This seems a good place to give my impressions of my new companions:

Bjorn, a Cleric of Thor. What can one say about a Cleric of Thor? Brave, Trustworthy, Perceptive, generally dumb as a brick, and a good person to have by one’s side, as long as one doesn't have to listen to him TOO much.

Belladona – a highly skilled archer- almost certainly a Rogue by profession. I've met her sort many a time before- very, very, very good at killing things. My first impression was that she was something of a coward, but I'm not sure that is true. She definitely likes to stay way back from things and disappear at a moments notice. I have no idea whether or not she can be trusted. In my experience, people like her fall into 1 of 2 categories. Category 1 will betray ANYBODY at the drop of a hat. They tend to either die quickly or rise in power quite quickly. Category 2, choose who they betray with some care. They keep faith with at least some allies (at least as long as the allies aren't a major impediment).  Only time will tell which she is. For the moment, I'm going to trust her no more than she is likely to trust me.

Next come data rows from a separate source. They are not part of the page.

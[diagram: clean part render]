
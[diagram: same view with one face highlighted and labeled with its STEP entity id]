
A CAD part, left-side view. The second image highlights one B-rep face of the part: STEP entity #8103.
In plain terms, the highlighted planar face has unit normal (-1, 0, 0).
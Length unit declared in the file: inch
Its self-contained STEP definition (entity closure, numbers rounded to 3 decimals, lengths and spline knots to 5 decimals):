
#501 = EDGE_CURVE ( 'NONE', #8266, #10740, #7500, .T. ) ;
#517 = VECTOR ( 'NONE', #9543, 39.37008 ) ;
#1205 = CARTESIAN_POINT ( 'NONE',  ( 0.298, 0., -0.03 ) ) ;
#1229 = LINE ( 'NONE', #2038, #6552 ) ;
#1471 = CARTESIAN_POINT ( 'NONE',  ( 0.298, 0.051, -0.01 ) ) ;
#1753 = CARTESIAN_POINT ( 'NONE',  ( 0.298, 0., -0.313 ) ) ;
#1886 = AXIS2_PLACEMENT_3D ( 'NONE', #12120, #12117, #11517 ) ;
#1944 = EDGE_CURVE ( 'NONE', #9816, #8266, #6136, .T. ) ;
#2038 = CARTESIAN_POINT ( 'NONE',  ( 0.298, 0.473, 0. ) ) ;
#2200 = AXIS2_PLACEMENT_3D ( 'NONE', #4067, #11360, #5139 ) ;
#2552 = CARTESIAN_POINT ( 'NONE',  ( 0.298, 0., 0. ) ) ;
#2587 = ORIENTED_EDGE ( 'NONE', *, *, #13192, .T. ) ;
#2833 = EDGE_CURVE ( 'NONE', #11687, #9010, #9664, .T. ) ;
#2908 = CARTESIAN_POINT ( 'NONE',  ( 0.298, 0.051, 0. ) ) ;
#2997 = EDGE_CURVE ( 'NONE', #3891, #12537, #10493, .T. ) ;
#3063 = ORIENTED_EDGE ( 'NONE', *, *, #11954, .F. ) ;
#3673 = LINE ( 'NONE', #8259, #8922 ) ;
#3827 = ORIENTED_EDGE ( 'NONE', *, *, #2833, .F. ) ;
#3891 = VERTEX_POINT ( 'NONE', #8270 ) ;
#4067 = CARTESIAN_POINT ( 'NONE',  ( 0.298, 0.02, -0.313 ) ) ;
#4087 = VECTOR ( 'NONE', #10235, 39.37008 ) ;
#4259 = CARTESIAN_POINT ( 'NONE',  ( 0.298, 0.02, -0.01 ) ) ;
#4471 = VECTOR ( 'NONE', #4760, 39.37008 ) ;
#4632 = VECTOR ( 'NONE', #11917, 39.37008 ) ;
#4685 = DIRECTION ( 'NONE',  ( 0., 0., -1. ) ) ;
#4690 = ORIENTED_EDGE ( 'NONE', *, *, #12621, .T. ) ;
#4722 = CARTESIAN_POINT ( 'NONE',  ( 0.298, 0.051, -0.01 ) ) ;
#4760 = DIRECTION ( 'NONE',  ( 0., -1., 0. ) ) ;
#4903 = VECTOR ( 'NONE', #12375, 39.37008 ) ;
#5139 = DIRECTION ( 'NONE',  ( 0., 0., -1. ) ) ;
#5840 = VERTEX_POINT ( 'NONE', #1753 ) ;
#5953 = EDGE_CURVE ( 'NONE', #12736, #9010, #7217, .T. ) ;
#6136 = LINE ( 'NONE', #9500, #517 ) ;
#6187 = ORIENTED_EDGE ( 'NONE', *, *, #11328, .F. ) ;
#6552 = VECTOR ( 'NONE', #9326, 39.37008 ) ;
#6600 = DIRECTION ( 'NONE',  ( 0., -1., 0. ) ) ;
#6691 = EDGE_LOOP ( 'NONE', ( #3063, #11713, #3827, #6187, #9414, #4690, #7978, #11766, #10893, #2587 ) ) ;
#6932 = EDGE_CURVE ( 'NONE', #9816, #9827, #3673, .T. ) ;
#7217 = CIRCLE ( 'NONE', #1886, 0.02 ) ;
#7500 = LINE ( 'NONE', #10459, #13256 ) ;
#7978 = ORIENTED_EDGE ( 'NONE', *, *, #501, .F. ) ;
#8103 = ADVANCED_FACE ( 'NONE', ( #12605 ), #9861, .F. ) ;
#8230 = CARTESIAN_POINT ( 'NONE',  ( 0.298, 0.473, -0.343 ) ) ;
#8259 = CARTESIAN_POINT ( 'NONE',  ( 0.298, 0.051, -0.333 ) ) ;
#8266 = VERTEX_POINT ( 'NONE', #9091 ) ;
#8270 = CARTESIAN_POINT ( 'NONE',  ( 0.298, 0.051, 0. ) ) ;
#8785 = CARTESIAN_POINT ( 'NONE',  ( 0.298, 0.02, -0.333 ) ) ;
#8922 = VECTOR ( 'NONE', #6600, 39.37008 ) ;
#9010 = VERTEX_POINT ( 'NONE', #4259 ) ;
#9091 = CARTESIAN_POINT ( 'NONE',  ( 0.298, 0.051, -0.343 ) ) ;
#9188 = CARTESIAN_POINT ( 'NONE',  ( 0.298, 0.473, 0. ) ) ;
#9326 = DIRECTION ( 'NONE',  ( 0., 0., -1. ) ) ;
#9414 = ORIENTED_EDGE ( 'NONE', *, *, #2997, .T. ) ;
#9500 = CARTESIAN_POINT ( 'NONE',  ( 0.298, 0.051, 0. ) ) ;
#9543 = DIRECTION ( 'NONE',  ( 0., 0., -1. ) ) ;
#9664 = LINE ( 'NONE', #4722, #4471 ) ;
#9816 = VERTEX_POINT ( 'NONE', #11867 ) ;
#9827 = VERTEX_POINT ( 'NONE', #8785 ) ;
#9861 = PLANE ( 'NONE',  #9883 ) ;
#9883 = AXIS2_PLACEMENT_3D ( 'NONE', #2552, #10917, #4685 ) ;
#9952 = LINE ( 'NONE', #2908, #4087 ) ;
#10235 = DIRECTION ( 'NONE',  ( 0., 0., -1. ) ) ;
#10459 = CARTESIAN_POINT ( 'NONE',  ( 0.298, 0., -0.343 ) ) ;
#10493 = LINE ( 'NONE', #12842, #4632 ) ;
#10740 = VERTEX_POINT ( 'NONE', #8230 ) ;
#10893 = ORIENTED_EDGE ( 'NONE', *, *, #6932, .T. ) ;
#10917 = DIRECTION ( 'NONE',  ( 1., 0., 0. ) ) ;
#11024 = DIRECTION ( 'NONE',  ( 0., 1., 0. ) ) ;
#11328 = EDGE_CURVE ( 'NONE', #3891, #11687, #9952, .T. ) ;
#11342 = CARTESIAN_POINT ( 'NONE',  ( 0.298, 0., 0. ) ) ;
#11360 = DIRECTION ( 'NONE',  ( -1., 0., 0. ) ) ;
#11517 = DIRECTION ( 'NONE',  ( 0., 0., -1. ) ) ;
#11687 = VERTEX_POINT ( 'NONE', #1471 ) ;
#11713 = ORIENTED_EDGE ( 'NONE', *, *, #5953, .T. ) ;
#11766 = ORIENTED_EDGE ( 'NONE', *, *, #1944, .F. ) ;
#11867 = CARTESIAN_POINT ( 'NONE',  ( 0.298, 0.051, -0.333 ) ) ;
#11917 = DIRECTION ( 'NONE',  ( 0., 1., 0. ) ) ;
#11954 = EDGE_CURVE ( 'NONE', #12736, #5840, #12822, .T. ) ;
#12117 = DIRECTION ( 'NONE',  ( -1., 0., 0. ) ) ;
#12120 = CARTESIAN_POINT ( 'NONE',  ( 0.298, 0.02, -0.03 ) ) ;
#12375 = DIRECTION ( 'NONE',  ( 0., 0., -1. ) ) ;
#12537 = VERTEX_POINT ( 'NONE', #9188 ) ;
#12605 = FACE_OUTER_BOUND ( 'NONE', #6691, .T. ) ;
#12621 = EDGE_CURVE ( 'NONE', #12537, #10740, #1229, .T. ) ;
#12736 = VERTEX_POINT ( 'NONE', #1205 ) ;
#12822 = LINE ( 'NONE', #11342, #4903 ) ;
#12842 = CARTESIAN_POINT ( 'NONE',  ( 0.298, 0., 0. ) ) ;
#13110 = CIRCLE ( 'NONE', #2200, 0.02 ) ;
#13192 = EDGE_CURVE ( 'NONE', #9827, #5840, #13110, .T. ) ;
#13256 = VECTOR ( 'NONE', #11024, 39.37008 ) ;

Turak - A minotaur. Not exactly sure what he can do, but I think he has some sort of ties to the primal spirits of the land. He hits stuff fairly hard with his massive maul and tends to knock things down a lot. Even more than Bjorn he seems to think with his weapon. Obviously, he’s a little bit of a savage. Still, he accepted me with no problems at all and that has to count for a lot, definitely worth cultivating his friendship. He also seems to eat only hay and mushrooms. I wonder what that is all about?

Vesna - A female viking warrior. She’s the daughter of the Jarl of Grimmsburg, and very, very definitely somebody worth cultivating a relationship with. She also seems to have a reasonable head on her shoulders, far better than I'd expect most viking shield maidens to have.

At any rate, I performed the ritual, and we all returned from the Fey Wild into a troll infested cavern, which afforded me the opportunity to see something of my new companions abilities.

They're all quite powerful, at least as powerful as I am. But they seem to be insanely prolifigate in the use of their abilities. It would appear that they believe the old saw "Never use a hammer to do a job when you've got a sledgehammer available", and they're quite bloodthirsty. Belladona attacked a sleeping Dire Bear. Yeah, he might have gotten involved but one can hardly be certain, and when some of the trolls tried to surrender the decision was made to kill them all anyway, which I had no problem with, actually. Trolls are vermin and should be exterminated. I was just a little surprised that my new associates agreed.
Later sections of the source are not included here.